Recently, there have been some studies comparing the hemodynamic effects and recovery courses of sevoflurane and desflurane among morbidly obese patients. De Baerdemaeker et al. [11] studied on 50 morbidly obese patients undergoing laparoscopic gastroplasty to determine the depth of anesthesia, hemodynamic stability, and recovery time under sevoflurane or desflurane administration with inhalation boluses and reported that immediate recovery was significantly faster and overall hemodynamic controllability was better with fewer episodes of hypotension in the desflurane group. In another study, the recovery profiles in morbidly obese patients who received sevoflurane or desflurane for maintenance of anesthesia in combination with a remifentanil in laparoscopic gastric banding were compared, and the authors reported that there was not any clinically relevant difference in recovery in the postanesthesia care unit between morbidly obese patients anesthetized with desflurane or sevoflurane and that both agents resulted in satisfactory recovery [12]. In a prospective, randomized study on morbidly obese patients undergoing laparoscopic gastroplasty, it was reported that there was not any statistically significant difference between sevoflurane and desflurane groups regarding total surgical operative time, times from turning inhalation agent off to eye opening and extubation, or average length of stay in postanesthesia care unit with similar recovery characteristics [13]. Similarly, it was reported in another study that there were no differences in emergence and recovery profiles in morbidly obese patients receiving desflurane or sevoflurane, when anesthetic concentration was carefully titrated [14]. La Colla et al. [15] compared desflurane vs sevoflurane kinetics and dynamics in morbidly obese patients and their recovery profile on 28 unpremedicated patients and reported that desflurane provides
Sleeve gastrectomy anesthesia faster wash-in and wash-out than sevoflurane in morbidly obese patients, with a faster recovery. Similarly, a faster kinetic profile of desflurane and its faster wash-out from the body were found, even though midazolam was administered as premedication [16]. Although we did not compare the recovery periods, there were not any alterations between desflurane and sevoflurane regarding anesthesia time, hospital stay, and hemodynamic alterations during operation in our study. Obesity was defined as an independent risk factor for postoperative pulmonary complications [5]. On the other hand, volatile anesthetics are known to be potent bronchodilators. By both inhibition of reflex neural pathways and direct effects on airway smooth muscle cells, volatile anesthetics induce bronchodilatation [17,18]. In an animal study, it was reported that desflurane, but not sevoflurane, increased total lung resistance concomitant with a decrease in dynamic lung compliance in guinea pigs, which may be associated with antidromic tachykinin release [19]. However, in this study, we did not determine any difference in postoperative respiratory function tests between sevoflurane and desflurane groups.
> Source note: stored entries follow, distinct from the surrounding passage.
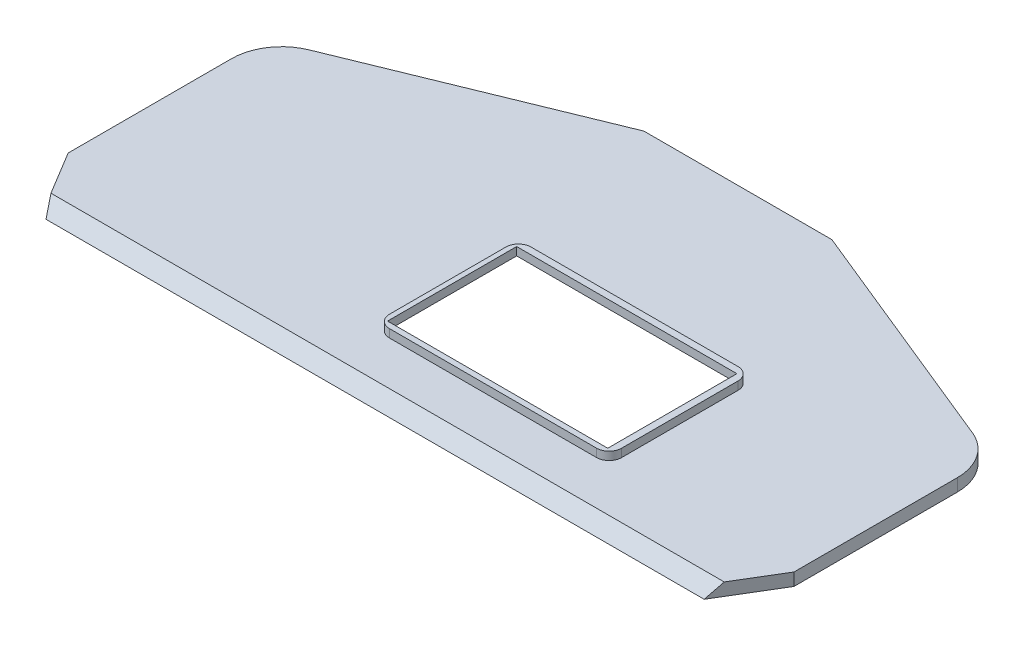
ISO-10303-21;
HEADER;
FILE_DESCRIPTION(('STEP AP214'),'2;1');
FILE_NAME('part.step','',(''),(''),'','','');
FILE_SCHEMA(('AUTOMOTIVE_DESIGN { 1 0 10303 214 1 1 1 1 }'));
ENDSEC;
DATA;
#1=APPLICATION_CONTEXT('core data for automotive mechanical design processes');
#2=APPLICATION_PROTOCOL_DEFINITION('international standard','automotive_design',2000,#1);
#3=PRODUCT_CONTEXT('',#1,'mechanical');
#4=PRODUCT('Part','Part','',(#3));
#5=PRODUCT_RELATED_PRODUCT_CATEGORY('part','',(#4));
#6=PRODUCT_DEFINITION_FORMATION('','',#4);
#7=PRODUCT_DEFINITION_CONTEXT('part definition',#1,'design');
#8=PRODUCT_DEFINITION('design','',#6,#7);
#9=PRODUCT_DEFINITION_SHAPE('','',#8);
#10=(LENGTH_UNIT() NAMED_UNIT(*) SI_UNIT(.MILLI.,.METRE.));
#11=(NAMED_UNIT(*) PLANE_ANGLE_UNIT() SI_UNIT($,.RADIAN.));
#12=(NAMED_UNIT(*) SI_UNIT($,.STERADIAN.) SOLID_ANGLE_UNIT());
#13=UNCERTAINTY_MEASURE_WITH_UNIT(LENGTH_MEASURE(1.E-05),#10,'distance_accuracy_value','');
#14=(GEOMETRIC_REPRESENTATION_CONTEXT(3) GLOBAL_UNCERTAINTY_ASSIGNED_CONTEXT((#13)) GLOBAL_UNIT_ASSIGNED_CONTEXT((#10,
#11,#12)) REPRESENTATION_CONTEXT('',''));
#15=CARTESIAN_POINT('',(0.,0.,0.));
#16=DIRECTION('',(0.,0.,1.));
#17=DIRECTION('',(1.,0.,0.));
#18=AXIS2_PLACEMENT_3D('',#15,#16,#17);
#19=CARTESIAN_POINT('',(-6.68634207264396,3.3,-29.1142175540504));
#20=DIRECTION('',(0.,1.,0.));
#21=DIRECTION('',(0.,0.,1.));
#22=AXIS2_PLACEMENT_3D('',#19,#20,#21);
#23=CYLINDRICAL_SURFACE('',#22,2.);
#24=DIRECTION('',(0.,1.,0.));
#25=VECTOR('',#24,1.);
#26=CARTESIAN_POINT('',(-8.68634207264396,3.3,-29.1142175540504));
#27=LINE('',#26,#25);
#28=CARTESIAN_POINT('',(-8.68634207264396,2.,-29.1142175540504));
#29=VERTEX_POINT('',#28);
#30=CARTESIAN_POINT('',(-8.68634207264396,3.3,-29.1142175540504));
#31=VERTEX_POINT('',#30);
#32=EDGE_CURVE('E356',#29,#31,#27,.T.);
#33=ORIENTED_EDGE('',*,*,#32,.F.);
#34=CARTESIAN_POINT('',(-6.68634207264396,2.,-29.1142175540504));
#35=DIRECTION('',(0.,-1.,0.));
#36=DIRECTION('',(0.,0.,-1.));
#37=AXIS2_PLACEMENT_3D('',#34,#35,#36);
#38=CIRCLE('',#37,2.);
#39=CARTESIAN_POINT('',(-6.68634207264396,2.,-27.1142175540504));
#40=VERTEX_POINT('',#39);
#41=EDGE_CURVE('E364',#29,#40,#38,.F.);
#42=ORIENTED_EDGE('',*,*,#41,.T.);
#43=DIRECTION('',(0.,1.,0.));
#44=VECTOR('',#43,1.);
#45=CARTESIAN_POINT('',(-6.68634207264396,3.3,-27.1142175540504));
#46=LINE('',#45,#44);
#47=CARTESIAN_POINT('',(-6.68634207264396,3.3,-27.1142175540504));
#48=VERTEX_POINT('',#47);
#49=EDGE_CURVE('E359',#48,#40,#46,.F.);
#50=ORIENTED_EDGE('',*,*,#49,.F.);
#51=CARTESIAN_POINT('',(-6.68634207264396,3.3,-29.1142175540504));
#52=DIRECTION('',(0.,-1.,0.));
#53=DIRECTION('',(0.,0.,-1.));
#54=AXIS2_PLACEMENT_3D('',#51,#52,#53);
#55=CIRCLE('',#54,2.);
#56=EDGE_CURVE('E362',#31,#48,#55,.F.);
#57=ORIENTED_EDGE('',*,*,#56,.F.);
#58=EDGE_LOOP('',(#33,#42,#50,#57));
#59=FACE_BOUND('',#58,.T.);
#60=ADVANCED_FACE('F35',(#59),#23,.T.);
#61=CARTESIAN_POINT('',(26.3385652794544,3.3,-29.1142175540504));
#62=DIRECTION('',(0.,1.,0.));
#63=DIRECTION('',(0.,0.,1.));
#64=AXIS2_PLACEMENT_3D('',#61,#62,#63);
#65=CYLINDRICAL_SURFACE('',#64,2.);
#66=DIRECTION('',(0.,1.,0.));
#67=VECTOR('',#66,1.);
#68=CARTESIAN_POINT('',(26.3385652794544,3.3,-27.1142175540504));
#69=LINE('',#68,#67);
#70=CARTESIAN_POINT('',(26.3385652794544,2.,-27.1142175540504));
#71=VERTEX_POINT('',#70);
#72=CARTESIAN_POINT('',(26.3385652794544,3.3,-27.1142175540504));
#73=VERTEX_POINT('',#72);
#74=EDGE_CURVE('E346',#71,#73,#69,.T.);
#75=ORIENTED_EDGE('',*,*,#74,.F.);
#76=CARTESIAN_POINT('',(26.3385652794544,2.,-29.1142175540504));
#77=DIRECTION('',(0.,-1.,0.));
#78=DIRECTION('',(0.,0.,-1.));
#79=AXIS2_PLACEMENT_3D('',#76,#77,#78);
#80=CIRCLE('',#79,2.);
#81=CARTESIAN_POINT('',(28.3385652794544,2.,-29.1142175540504));
#82=VERTEX_POINT('',#81);
#83=EDGE_CURVE('E354',#71,#82,#80,.F.);
#84=ORIENTED_EDGE('',*,*,#83,.T.);
#85=DIRECTION('',(0.,1.,0.));
#86=VECTOR('',#85,1.);
#87=CARTESIAN_POINT('',(28.3385652794544,3.3,-29.1142175540504));
#88=LINE('',#87,#86);
#89=CARTESIAN_POINT('',(28.3385652794544,3.3,-29.1142175540504));
#90=VERTEX_POINT('',#89);
#91=EDGE_CURVE('E349',#90,#82,#88,.F.);
#92=ORIENTED_EDGE('',*,*,#91,.F.);
#93=CARTESIAN_POINT('',(26.3385652794544,3.3,-29.1142175540504));
#94=DIRECTION('',(0.,-1.,0.));
#95=DIRECTION('',(0.,0.,-1.));
#96=AXIS2_PLACEMENT_3D('',#93,#94,#95);
#97=CIRCLE('',#96,2.);
#98=EDGE_CURVE('E352',#73,#90,#97,.F.);
#99=ORIENTED_EDGE('',*,*,#98,.F.);
#100=EDGE_LOOP('',(#75,#84,#92,#99));
#101=FACE_BOUND('',#100,.T.);
#102=ADVANCED_FACE('F462',(#101),#65,.T.);
#103=CARTESIAN_POINT('',(26.3385652794544,3.3,-47.6782183309184));
#104=DIRECTION('',(0.,1.,0.));
#105=DIRECTION('',(0.,0.,1.));
#106=AXIS2_PLACEMENT_3D('',#103,#104,#105);
#107=CYLINDRICAL_SURFACE('',#106,2.);
#108=DIRECTION('',(0.,1.,0.));
#109=VECTOR('',#108,1.);
#110=CARTESIAN_POINT('',(28.3385652794544,3.3,-47.6782183309184));
#111=LINE('',#110,#109);
#112=CARTESIAN_POINT('',(28.3385652794544,2.,-47.6782183309184));
#113=VERTEX_POINT('',#112);
#114=CARTESIAN_POINT('',(28.3385652794544,3.3,-47.6782183309184));
#115=VERTEX_POINT('',#114);
#116=EDGE_CURVE('E336',#113,#115,#111,.T.);
#117=ORIENTED_EDGE('',*,*,#116,.F.);
#118=CARTESIAN_POINT('',(26.3385652794544,2.,-47.6782183309184));
#119=DIRECTION('',(0.,-1.,0.));
#120=DIRECTION('',(0.,0.,-1.));
#121=AXIS2_PLACEMENT_3D('',#118,#119,#120);
#122=CIRCLE('',#121,2.);
#123=CARTESIAN_POINT('',(26.3385652794544,2.,-49.6782183309184));
#124=VERTEX_POINT('',#123);
#125=EDGE_CURVE('E344',#113,#124,#122,.F.);
#126=ORIENTED_EDGE('',*,*,#125,.T.);
#127=DIRECTION('',(0.,1.,0.));
#128=VECTOR('',#127,1.);
#129=CARTESIAN_POINT('',(26.3385652794544,3.3,-49.6782183309184));
#130=LINE('',#129,#128);
#131=CARTESIAN_POINT('',(26.3385652794544,3.3,-49.6782183309184));
#132=VERTEX_POINT('',#131);
#133=EDGE_CURVE('E339',#132,#124,#130,.F.);
#134=ORIENTED_EDGE('',*,*,#133,.F.);
#135=CARTESIAN_POINT('',(26.3385652794544,3.3,-47.6782183309184));
#136=DIRECTION('',(0.,-1.,0.));
#137=DIRECTION('',(0.,0.,-1.));
#138=AXIS2_PLACEMENT_3D('',#135,#136,#137);
#139=CIRCLE('',#138,2.);
#140=EDGE_CURVE('E342',#115,#132,#139,.F.);
#141=ORIENTED_EDGE('',*,*,#140,.F.);
#142=EDGE_LOOP('',(#117,#126,#134,#141));
#143=FACE_BOUND('',#142,.T.);
#144=ADVANCED_FACE('F468',(#143),#107,.T.);
#145=CARTESIAN_POINT('',(-6.68634207264396,3.3,-47.6782183309184));
#146=DIRECTION('',(0.,-1.,0.));
#147=DIRECTION('',(0.,0.,-1.));
#148=AXIS2_PLACEMENT_3D('',#145,#146,#147);
#149=CYLINDRICAL_SURFACE('',#148,2.);
#150=DIRECTION('',(0.,-1.,0.));
#151=VECTOR('',#150,1.);
#152=CARTESIAN_POINT('',(-8.68634207264396,3.3,-47.6782183309184));
#153=LINE('',#152,#151);
#154=CARTESIAN_POINT('',(-8.68634207264396,3.3,-47.6782183309184));
#155=VERTEX_POINT('',#154);
#156=CARTESIAN_POINT('',(-8.68634207264396,2.,-47.6782183309184));
#157=VERTEX_POINT('',#156);
#158=EDGE_CURVE('E326',#155,#157,#153,.T.);
#159=ORIENTED_EDGE('',*,*,#158,.F.);
#160=CARTESIAN_POINT('',(-6.68634207264396,3.3,-47.6782183309184));
#161=DIRECTION('',(0.,-1.,0.));
#162=DIRECTION('',(0.,0.,-1.));
#163=AXIS2_PLACEMENT_3D('',#160,#161,#162);
#164=CIRCLE('',#163,2.);
#165=CARTESIAN_POINT('',(-6.68634207264396,3.3,-49.6782183309184));
#166=VERTEX_POINT('',#165);
#167=EDGE_CURVE('E332',#166,#155,#164,.F.);
#168=ORIENTED_EDGE('',*,*,#167,.F.);
#169=DIRECTION('',(0.,-1.,0.));
#170=VECTOR('',#169,1.);
#171=CARTESIAN_POINT('',(-6.68634207264396,3.3,-49.6782183309184));
#172=LINE('',#171,#170);
#173=CARTESIAN_POINT('',(-6.68634207264396,2.,-49.6782183309184));
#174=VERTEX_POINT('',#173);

Because there were not any alterations compared with preoperative values, both agents were found to be reliable regarding respiratory complications. There are some limitations of this study that should be mentioned. We have evaluated the respiratory and hemodynamic effects of desflurane and sevoflurane on morbidly obese patients, but we did not compare their kinetics or level of hypnosis during operation. In addition, lack of recovery evaluation is another limitation because all these parameters might enrich the study. Absence of randomization is an additional drawback. In conclusion, we determined that both desflurane and sevoflurane provide similar intraoperative hemodynamic and early postoperative respiratory functions in morbidly obese patients in laparoscopic sleeve gastrectomy. Both agents can be regarded as alternatives for inhalation anesthetics in maintenance of anesthesia.